Previous studies have shown aberrant expression of ubiquitin-specific protease 14 (USP14) in multiple malignancies, suggesting an important role of USP14 in tumorigenesis. However, the functional role of USP14 in pancreatic ductal adenocarcinoma (PDAC) has never been elucidated. In this study, we found that USP14 was remarkably upregulated in PDAC tissues compared with normal pancreatic tissues. Notably, Kaplan–Meier curves showed that high expression of USP14 predicted significantly worse prognosis in PDAC patients than low expression of USP14. To determine whether USP14 could regulate the proliferation, apoptosis and metastasis of PDAC cells, we knocked down endogenous USP14 or overexpressed exogenous USP14 in Panc-1 and BxPC-3 cells. Using MTT assays, colony formation analyses, flow cytometry assays, and cell invasion and migration assays, we found that knockdown of USP14 attenuated proliferation, induced apoptosis and restrained invasion and migration of PDAC cells. Overexpression of USP14 could enhance proliferation, prevent apoptosis and promote invasion and migration of PDAC cells. In addition, USP14 could regulate the expression of cyclin D1, PCNA and E-cadherin, three important carcinogenic factors, in PDAC cells. These findings suggest that USP14 might play an important role in promoting the tumorigenesis of PDAC and thus be a promising therapeutic target to prevent PDAC progression.
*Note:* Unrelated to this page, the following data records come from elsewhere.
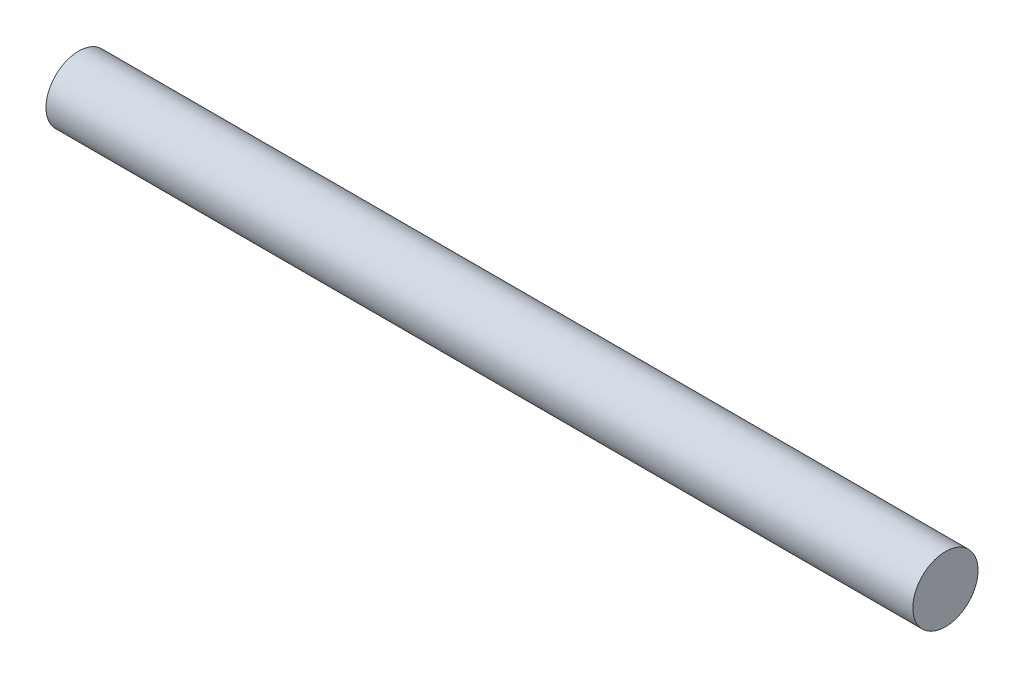
SolidWorks part; units mm, degrees
material "6061 Alloy"
ref_plane "Front Plane" through (0, 0, 0) normal (0, 0, 1) x (1, 0, 0)
ref_plane "Top Plane" through (0, 0, 0) normal (0, 1, 0) x (1, 0, 0)
ref_plane "Right Plane" through (0, 0, 0) normal (1, 0, 0) x (0, 0, -1)
sketch "Sketch1" plane through (0, 0, 0) normal (1, 0, 0) x (0, 0, -1)
  circle A0 centre (0, 0) radius 2.5
  dimension "D1" = 5
extrude "Boss-Extrude1" add sketch "Sketch1" along normal blind 66.4
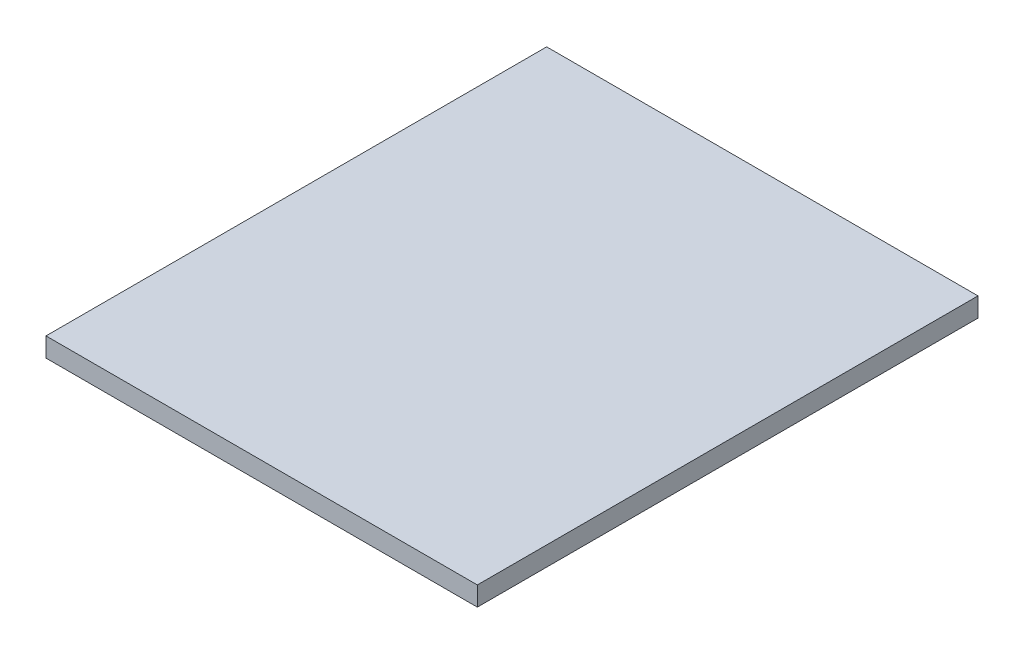
SolidWorks part; units mm, degrees
ref_plane "Front Plane" through (0, 0, 0) normal (0, 0, 1) x (1, 0, 0)
ref_plane "Top Plane" through (0, 0, 0) normal (0, 1, 0) x (1, 0, 0)
ref_plane "Right Plane" through (0, 0, 0) normal (1, 0, 0) x (0, 0, -1)
sketch "Sketch1" plane through (0, 0, 0) normal (0, 1, 0) x (1, 0, 0)
  line L0 (-6, 130) -> (106, 130)
  line L1 (-6, 0) -> (106, 0)
  line L6 (-6, 130) -> (-6, 0)
  line L13 (106, 130) -> (106, 0)
extrude "Boss-Extrude1" add sketch "Sketch1" along normal blind 5
ref_plane "center-of-slot" through (0, 2.5, 0) normal (0, 1, 0) x (1, 0, 0)
ref_plane "center-of-module" through (50, 0, 0) normal (1, 0, 0) x (0, 0, -1)

先前的研究表明，泛素特异性蛋白酶 14 (USP14) 在多种恶性肿瘤中存在异常表达，表明 USP14 在肿瘤发生中发挥重要作用。然而，USP14 在胰腺导管腺癌 (PDAC) 中的功能作用尚未阐明。在这项研究中，我们发现与正常胰腺组织相比，PDAC 组织中 USP14 的表达显着上调。值得注意的是，Kaplan-Meier 曲线显示，与 USP14 低表达相比，USP14 高表达预示 PDAC 患者预后显着较差。为了确定USP14是否可以调节PDAC细胞的增殖、凋亡和转移，我们在Panc-1和BxPC-3细胞中敲低内源性USP14或过表达外源性USP14。使用MTT测定、集落形成分析、流式细胞术测定以及细胞侵袭和迁移测定，我们发现USP14的敲低可减弱PDAC细胞的增殖、诱导细胞凋亡并抑制侵袭和迁移。 USP14的过表达可以增强PDAC细胞的增殖、防止细胞凋亡并促进侵袭和迁移。此外，USP14还可以调节PDAC细胞中三个重要致癌因子cyclin D1、PCNA和E-cadherin的表达。这些发现表明USP14可能在促进PDAC肿瘤发生中发挥重要作用，因此成为预防PDAC进展的有前景的治疗靶点。